Optimization of Size of Pixel Blocks for Orthogonal Transform in Optical Watermarking Technique

We previously proposed a novel technology with which the images of real objects with no copyright protection could contain invisible digital watermarking, using spatially modulated illumination. In this “optical watermarking” technology, we used orthogonal transforms, such as a discrete cosine transform (DCT) or a Walsh-Hadamard transform (WHT), to produce watermarked images, where 1-b binary information was embedded into each pixel block. In this paper, we propose an optimal condition for a technique of robust optical watermarking that varies the size of pixel blocks by using a trade-off in the efficiency of embedded watermarking.

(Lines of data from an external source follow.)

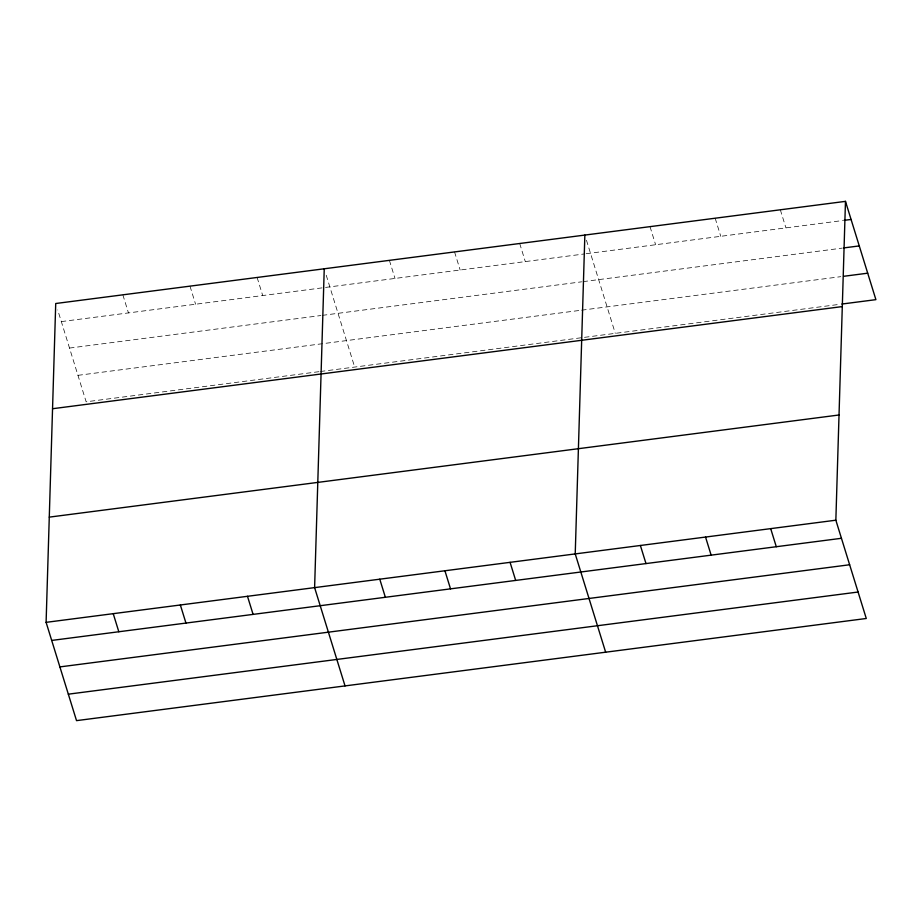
<?xml version="1.0" encoding="UTF-8"?>
<svg xmlns="http://www.w3.org/2000/svg" width="922" height="922" viewBox="0 0 922 922"><rect width="100%" height="100%" fill="white"/><g stroke="black" fill="none" stroke-linecap="round" stroke-linejoin="round"><path stroke-width="0.69" stroke-dasharray="4.61 3.46" d="M61.325 321.594L324.129 287.606M325.558 287.422L584.79 253.896M586.208 253.711L842.581 220.554M69.519 348.067L320.891 315.543M322.32 315.359L581.655 281.821M583.073 281.636L842.27 248.11M77.967 375.335L580.18 310.368M581.598 310.184L840.795 276.669M318.966 371.681L86.149 401.796L57.729 309.965M320.395 371.497L840.495 304.225M780.323 209.79L785.924 227.872M715.172 218.214L720.762 236.309M650.01 226.639L655.611 244.733M586.461 240.239L615.285 333.361M519.708 243.5L525.298 261.583M454.546 251.925L460.147 270.008M389.395 260.35L394.996 278.444M326.238 275.24L354.67 367.071M257.111 277.464L262.712 295.547M189.99 286.143L195.579 304.225M122.856 294.821L128.458 312.915"/><path stroke-width="1.38" d="M845.474 201.365L835.851 520.204L866.277 618.489L76.526 720.635L46.1 622.35L55.723 303.511L845.474 201.365L875.9 299.65L841.901 304.041M324.244 268.775L314.609 587.625L345.035 685.91M584.859 235.064L575.224 553.915L605.65 652.2M843.987 220.37L851.075 219.448M843.688 247.926L859.269 245.92M843.63 276.3L867.706 273.189M52.554 408.723L842.293 306.577M49.281 517.127L839.02 414.992M46.1 622.35L835.851 520.204M51.701 640.433L841.44 538.298M59.895 666.906L849.635 564.76M68.332 694.174L858.082 592.028M770.688 528.629L776.289 546.723M705.537 537.053L711.139 555.148M640.387 545.49L645.988 563.572M510.073 562.339L515.675 580.422M444.923 570.764L450.524 588.858M379.772 579.189L385.361 597.283M247.488 596.303L253.089 614.386M180.355 604.982L185.956 623.076M113.233 613.672L118.823 631.754"/></g></svg>
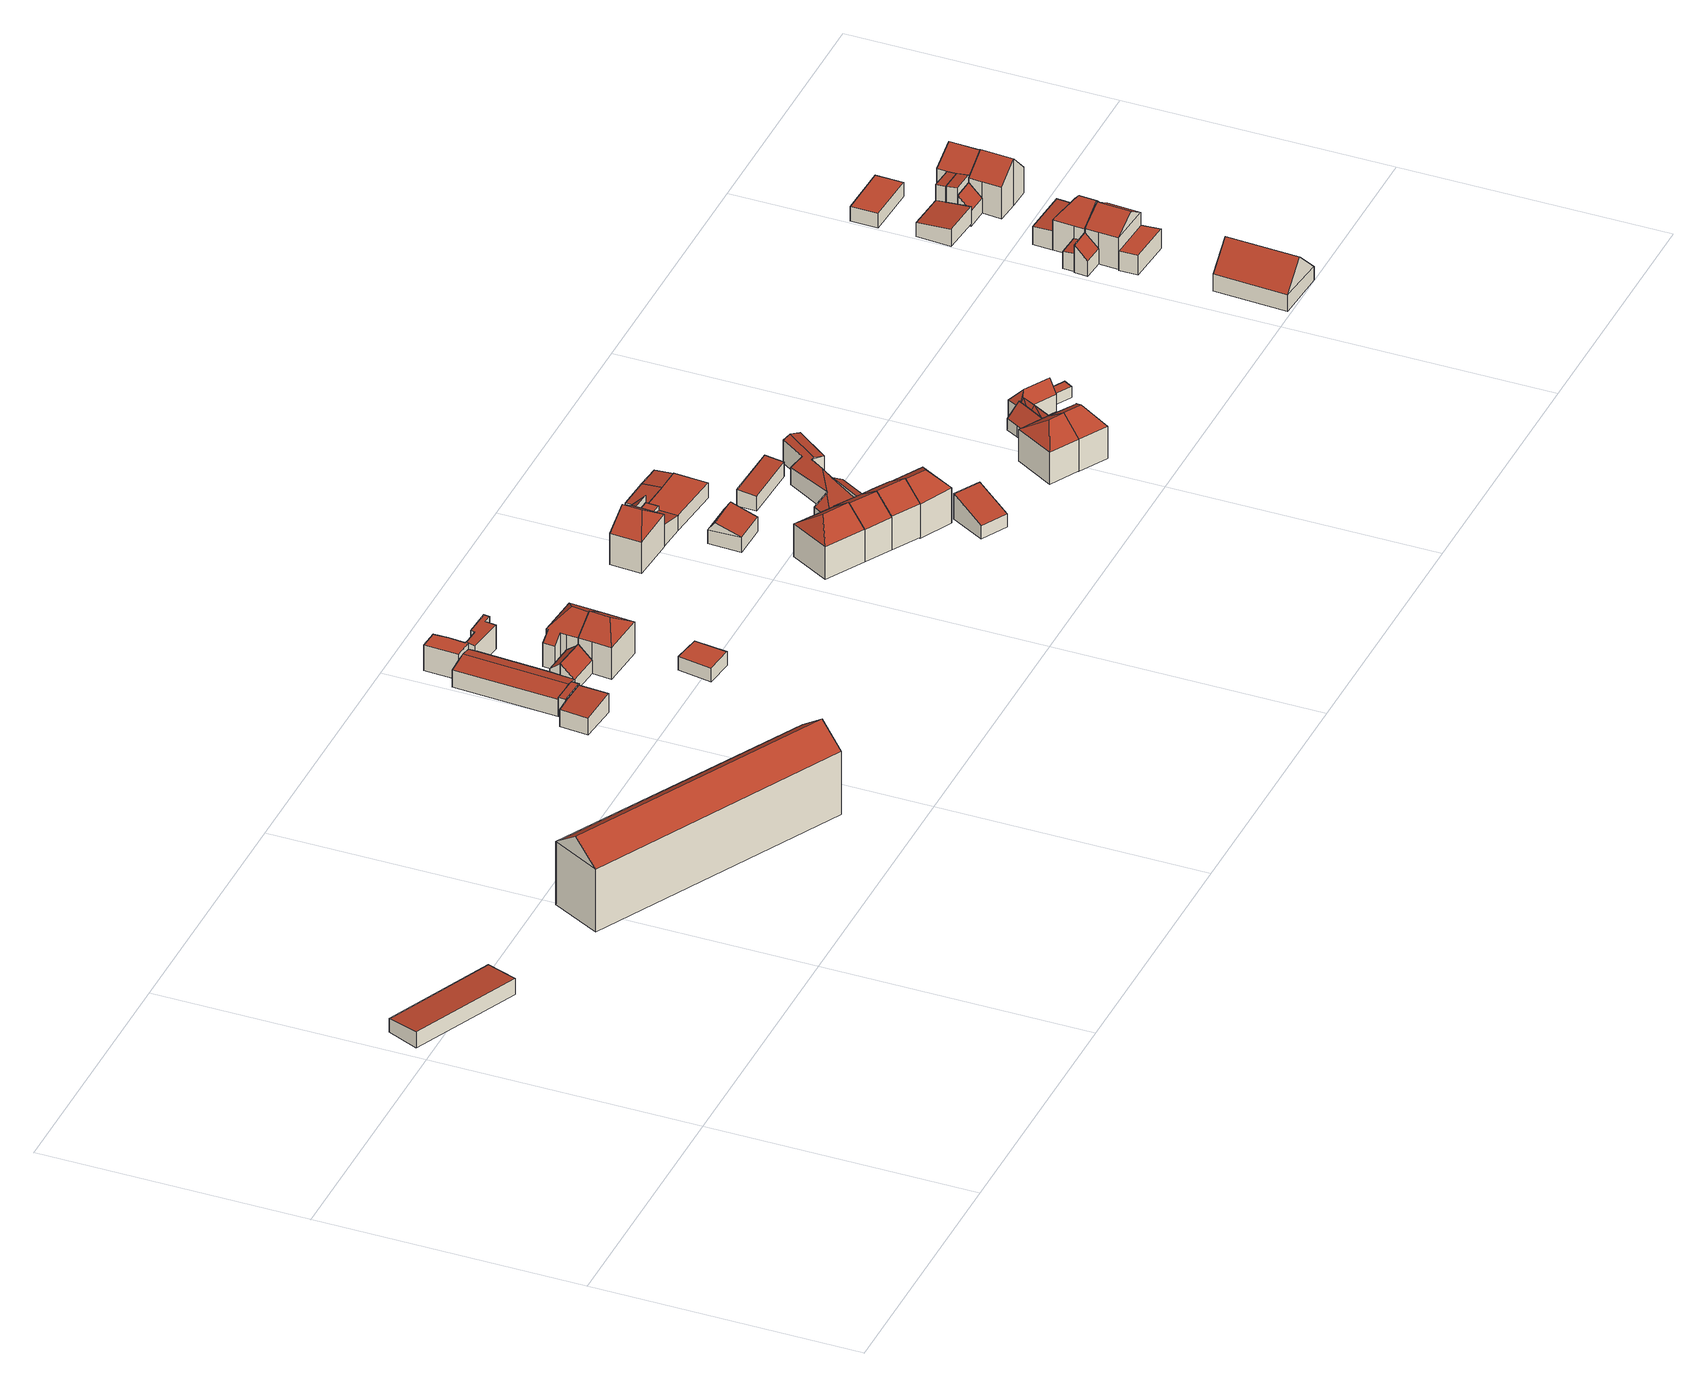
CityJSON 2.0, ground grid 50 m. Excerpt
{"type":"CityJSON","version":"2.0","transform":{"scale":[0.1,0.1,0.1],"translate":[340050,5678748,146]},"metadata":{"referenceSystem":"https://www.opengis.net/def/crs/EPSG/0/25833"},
"CityObjects":{
"building1":{"type":"Building","attributes":{"Dachtyp_tdc":"tdcPolyFlatRoof","Gemeindeschluessel":14729160,"Dachneigung":5.61,"QualitaetDacherkennung":91,"Geometrietyp2DReferenz":"3000","function":"31001_2463","roofType":"2100","measuredHeight":3.28},"geometry":[{"type":"MultiSurface","lod":"2","boundaries":[[[0,1,2,3]],[[1,4,5,2]],[[4,6,7,5]],[[6,0,3,7]],[[6,4,1,0]],[[3,2,5,7]]],"semantics":{"surfaces":[{"type":"WallSurface"},{"type":"RoofSurface"},{"type":"GroundSurface"}],"values":[0,0,0,0,1,2]}}]},
"building2":{"type":"Building","attributes":{"Dachtyp_tdc":"tdcGableRoof","Gemeindeschluessel":14729160,"Dachneigung":37.13,"QualitaetDacherkennung":86,"Geometrietyp2DReferenz":"3000","function":"31001_9998","roofType":"3100","measuredHeight":16.72},"geometry":[{"type":"MultiSurface","lod":"2","boundaries":[[[8,9,10,11]],[[9,12,13,10]],[[12,14,15,13]],[[14,8,11,15]],[[12,9,16]],[[8,14,17]],[[9,8,17,16]],[[14,12,16,17]],[[11,10,13,15]]],"semantics":{"surfaces":[{"type":"WallSurface"},{"type":"RoofSurface"},{"type":"GroundSurface"}],"values":[0,0,0,0,0,0,1,1,2]}}]},
"building3":{"type":"Building","attributes":{"Gemeindeschluessel":14729160,"Geometrietyp2DReferenz":"3000","function":"31001_9998","roofType":"9999"},"children":["building3-1","building3-2","building3-3","building3-4","building3-5"]},
"building3-1":{"type":"BuildingPart","attributes":{"Dachtyp_tdc":"tdcPolyFlatRoof","Dachneigung":4.13,"QualitaetDacherkennung":87,"Geometrietyp2DReferenz":"3000","roofType":"2100","measuredHeight":3.96},"parents":["building3"],"geometry":[{"type":"MultiSurface","lod":"2","boundaries":[[[18,19,20,21]],[[19,22,23,20]],[[22,24,25,23]],[[26,18,21,27]],[[26,24,22,19,18]],[[21,20,23,25,27]],[[27,25,24,26]]],"semantics":{"surfaces":[{"type":"WallSurface"},{"type":"RoofSurface"},{"type":"GroundSurface"},{"type":"ClosureSurface"}],"values":[0,0,0,0,1,2,3]}}]},
"building3-2":{"type":"BuildingPart","attributes":{"Dachtyp_tdc":"tdcPolyFlatRoof","Dachneigung":3.73,"QualitaetDacherkennung":67,"Geometrietyp2DReferenz":"3000","roofType":"2100","measuredHeight":5.12},"parents":["building3"],"geometry":[{"type":"MultiSurface","lod":"2","boundaries":[[[28,29,30,31]],[[29,32,33,30]],[[32,34,35,33]],[[34,36,37,35]],[[36,38,39,37]],[[38,40,41,39]],[[40,42,43,41]],[[42,44,43]],[[40,38,36,34,32,29,28,45,42]],[[46,31,30,33,35,37,39,41,43]],[[47,44,42,45]],[[47,46,43,44]],[[31,46,47,45,28]]],"semantics":{"surfaces":[{"type":"WallSurface"},{"type":"RoofSurface"},{"type":"GroundSurface"},{"type":"ClosureSurface"}],"values":[0,0,0,0,0,0,0,0,1,2,0,3,3]}}]},
"building3-3":{"type":"BuildingPart","attributes":{"Dachtyp_tdc":"tdcPolyFlatRoof","Dachneigung":3.94,"QualitaetDacherkennung":83,"Geometrietyp2DReferenz":"3000","roofType":"2100","measuredHeight":4.23},"parents":["building3"],"geometry":[{"type":"MultiSurface","lod":"2","boundaries":[[[48,49,50,51,25,24]],[[52,53,26,27,54,55]],[[52,56,57,58,49,48,53]],[[27,25,51,59,54]],[[48,24,26,53]],[[24,25,27,26]],[[58,50,49]],[[55,56,52]],[[54,59,57,56,55]],[[59,51,50,58,57]]],"semantics":{"surfaces":[{"type":"WallSurface"},{"type":"RoofSurface"},{"type":"GroundSurface"},{"type":"ClosureSurface"}],"values":[0,0,1,2,0,3,0,0,3,3]}}]},
"building3-4":{"type":"BuildingPart","attributes":{"Dachtyp_tdc":"tdcGableRoof","Dachneigung":11.07,"QualitaetDacherkennung":25,"Geometrietyp2DReferenz":"3000","roofType":"3100","measuredHeight":4.33},"parents":["building3"],"geometry":[{"type":"MultiSurface","lod":"2","boundaries":[[[44,60,61,43]],[[60,62,63,61]],[[62,64,65,63]],[[64,55,54,65]],[[50,66,67,51]],[[66,68,69,67]],[[70,56,55,64,62,60,44,47,71]],[[71,68,66,50,58,70]],[[69,72,46,43,61,63,65,54,59,51,67]],[[72,69,68,71]],[[72,71,47,46]],[[43,46,47,44]],[[57,56,70]],[[59,54,55,56,57]],[[58,57,70]],[[59,57,58,50,51]]],"semantics":{"surfaces":[{"type":"WallSurface"},{"type":"RoofSurface"},{"type":"GroundSurface"},{"type":"ClosureSurface"}],"values":[0,0,0,0,0,0,1,1,2,3,3,3,0,3,0,3]}}]},
"building3-5":{"type":"BuildingPart","attributes":{"Dachtyp_tdc":"tdcPolyFlatRoof","Dachneigung":0,"QualitaetDacherkennung":91,"Geometrietyp2DReferenz":"3000","roofType":"1000","measuredHeight":5.25},"parents":["building3"],"geometry":[{"type":"MultiSurface","lod":"2","boundaries":[[[73,74,75,69,68]],[[74,76,77,75]],[[76,78,79,77]],[[78,80,81,79]],[[80,82,28,31,81]],[[83,82,80,78,76,74,73]],[[69,75,77,79,81,31,46,72]],[[45,28,82,83]],[[45,47,46,31,28]],[[68,71,47,45,83,73]],[[68,69,72,71]],[[72,46,47,71]]],"semantics":{"surfaces":[{"type":"WallSurface"},{"type":"RoofSurface"},{"type":"GroundSurface"},{"type":"ClosureSurface"}],"values":[0,0,0,0,0,1,2,0,3,0,3,3]}}]},
"building4":{"type":"Building","attributes":{"Dachtyp_tdc":"tdcPolyFlatRoof","Gemeindeschluessel":14729160,"Dachneigung":43.92,"QualitaetDacherkennung":64,"Geometrietyp2DReferenz":"3000","function":"31001_9998","roofType":"2100","measuredHeight":5.21},"geometry":[{"type":"MultiSurface","lod":"2","boundaries":[[[84,85,86,87]],[[85,88,89,86]],[[88,90,91,89]],[[90,84,87,91]],[[90,88,85,84]],[[87,86,89,91]]],"semantics":{"surfaces":[{"type":"WallSurface"},{"type":"RoofSurface"},{"type":"GroundSurface"}],"values":[0,0,0,0,1,2]}}]},
"building5":{"type":"Building","attributes":{"Dachtyp_tdc":"tdcPolyFlatRoof","Gemeindeschluessel":14729160,"Dachneigung":37.95,"QualitaetDacherkennung":56,"Geometrietyp2DReferenz":"3000","function":"31001_9998","roofType":"2100","measuredHeight":4.96},"geometry":[{"type":"MultiSurface","lod":"2","boundaries":[[[92,93,94,95]],[[93,96,97,94]],[[96,98,99,97]],[[98,92,95,99]],[[98,96,93,92]],[[95,94,97,99]]],"semantics":{"surfaces":[{"type":"WallSurface"},{"type":"RoofSurface"},{"type":"GroundSurface"}],"values":[0,0,0,0,1,2]}}]},
"building6":{"type":"Building","attributes":{"Dachtyp_tdc":"tdcFreeFormRoof","Gemeindeschluessel":14729160,"Dachneigung":34.42,"QualitaetDacherkennung":61,"Geometrietyp2DReferenz":"3000","function":"31001_9998","roofType":"5000","measuredHeight":9.35},"geometry":[{"type":"MultiSurface","lod":"2","boundaries":[[[100,101,91,102]],[[101,103,89,91]],[[103,104,105,89]],[[104,106,107,105]],[[106,100,102,107]],[[106,108,100]],[[106,104,109,108]],[[108,109,103,101,100]],[[104,103,109]],[[102,91,89,105,107]]],"semantics":{"surfaces":[{"type":"WallSurface"},{"type":"RoofSurface"},{"type":"GroundSurface"}],"values":[0,0,0,0,0,1,1,1,0,2]}}]},
"building7":{"type":"Building","attributes":{"Dachtyp_tdc":"tdcHipAndGableRoof","Gemeindeschluessel":14729160,"Dachneigung":36.58,"QualitaetDacherkennung":54,"Geometrietyp2DReferenz":"3000","function":"31001_9998","roofType":"5000","measuredHeight":9.27},"geometry":[{"type":"MultiSurface","lod":"2","boundaries":[[[103,110,97,99]],[[110,111,112,97]],[[111,113,114,112]],[[113,115,116,114]],[[115,117,118,116]],[[117,119,120,118]],[[119,121,122,120]],[[121,104,123,122]],[[104,124,125,123]],[[124,103,99,125]],[[121,119,126]],[[119,117,115,113,111,110,103,124,126]],[[124,104,121,126]],[[99,97,112,114,116,118,120,122,123,125]]],"semantics":{"surfaces":[{"type":"WallSurface"},{"type":"RoofSurface"},{"type":"GroundSurface"}],"values":[0,0,0,0,0,0,0,0,0,0,1,1,1,2]}}]},
"building8":{"type":"Building","attributes":{"Dachtyp_tdc":"tdcPolyFlatRoof","Gemeindeschluessel":14729160,"Dachneigung":0,"QualitaetDacherkennung":84,"Geometrietyp2DReferenz":"3000","function":"31001_9998","roofType":"1000","measuredHeight":2.75},"geometry":[{"type":"MultiSurface","lod":"2","boundaries":[[[127,128,129,130]],[[128,131,132,129]],[[131,133,134,132]],[[133,127,130,134]],[[133,131,128,127]],[[130,129,132,134]]],"semantics":{"surfaces":[{"type":"WallSurface"},{"type":"RoofSurface"},{"type":"GroundSurface"}],"values":[0,0,0,0,1,2]}}]},
"building9":{"type":"Building","attributes":{"Dachtyp_tdc":"tdcHipAndGableRoof","Gemeindeschluessel":14729160,"Dachneigung":33.21,"QualitaetDacherkennung":59,"Geometrietyp2DReferenz":"3000","function":"31001_9998","roofType":"5000","measuredHeight":9.26},"geometry":[{"type":"MultiSurface","lod":"2","boundaries":[[[135,136,137,138]],[[136,139,140,137]],[[139,141,142,140]],[[141,143,144,142]],[[143,135,138,144]],[[135,143,145]],[[146,145,143,141,139]],[[135,145,146,136]],[[136,146,139]],[[138,137,140,142,144]]],"semantics":{"surfaces":[{"type":"WallSurface"},{"type":"RoofSurface"},{"type":"GroundSurface"}],"values":[0,0,0,0,0,1,1,1,0,2]}}]},
"building10":{"type":"Building","attributes":{"Dachtyp_tdc":"tdcHipAndGableRoof","Gemeindeschluessel":14729160,"Dachneigung":34.87,"QualitaetDacherkennung":51,"Geometrietyp2DReferenz":"3000","function":"31001_9998","roofType":"5000","measuredHeight":9.69},"geometry":[{"type":"MultiSurface","lod":"2","boundaries":[[[147,148,149,150]],[[148,151,152,149]],[[151,153,154,152]],[[153,147,150,154]],[[151,148,155]],[[147,153,156]],[[148,147,156,155]],[[153,151,155,156]],[[150,149,152,154]]],"semantics":{"surfaces":[{"type":"WallSurface"},{"type":"RoofSurface"},{"type":"GroundSurface"}],"values":[0,0,0,0,1,0,1,1,2]}}]},
"building11":{"type":"Building","attributes":{"Dachtyp_tdc":"tdcPolyFlatRoof","Gemeindeschluessel":14729160,"Dachneigung":0,"QualitaetDacherkennung":70,"Geometrietyp2DReferenz":"3000","function":"31001_9998","roofType":"1000","measuredHeight":3.73},"geometry":[{"type":"MultiSurface","lod":"2","boundaries":[[[157,158,159,160]],[[158,161,162,159]],[[161,163,164,162]],[[163,157,160,164]],[[163,161,158,157]],[[160,159,162,164]]],"semantics":{"surfaces":[{"type":"WallSurface"},{"type":"RoofSurface"},{"type":"GroundSurface"}],"values":[0,0,0,0,1,2]}}]},
"building12":{"type":"Building","attributes":{"Dachtyp_tdc":"tdcPolyFlatRoof","Gemeindeschluessel":14729160,"Dachneigung":45.5,"QualitaetDacherkennung":73,"Geometrietyp2DReferenz":"3000","function":"31001_9998","roofType":"2100","measuredHeight":5.04},"geometry":[{"type":"MultiSurface","lod":"2","boundaries":[[[165,166,167,168]],[[169,170,171,172]],[[168,167,170,169]],[[167,166,171,170]],[[166,165,172,171]],[[165,168,169,172]]],"semantics":{"surfaces":[{"type":"RoofSurface"},{"type":"GroundSurface"},{"type":"WallSurface"}],"values":[0,1,2,2,2,2]}}]},
"building13":{"type":"Building","attributes":{"Dachtyp_tdc":"tdcGableRoof","Gemeindeschluessel":14729160,"Dachneigung":17.65,"QualitaetDacherkennung":96,"Geometrietyp2DReferenz":"3000","function":"31001_9998","roofType":"3100","measuredHeight":4.52},"geometry":[{"type":"MultiSurface","lod":"2","boundaries":[[[173,174,175,176]],[[174,177,178,175]],[[177,179,180,178]],[[179,173,176,180]],[[177,174,181]],[[173,179,182]],[[174,173,182,181]],[[179,177,181,182]],[[176,175,178,180]]],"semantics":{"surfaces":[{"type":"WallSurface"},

We conducted experiments where 4 × 4, 8 × 8, and 16 × 16 pixels were used in one block. A detection accuracy of 100% was obtained by using a block with 16 × 16 pixels when embedded watermarking was extremely weak, although the accuracy did not necessarily reach 100% by using blocks with 4 × 4 or 8 × 8 pixels under the same embedding conditions. We also examined the effectiveness of using a Haar discrete wavelet transform (Haar DWT) as an orthogonal transform under the same experimental condition, and the results showed that the accuracy of detection was slightly inferior to DCT and WHT under very weak embedding conditions. The results from experiments revealed the effectiveness of our new proposal.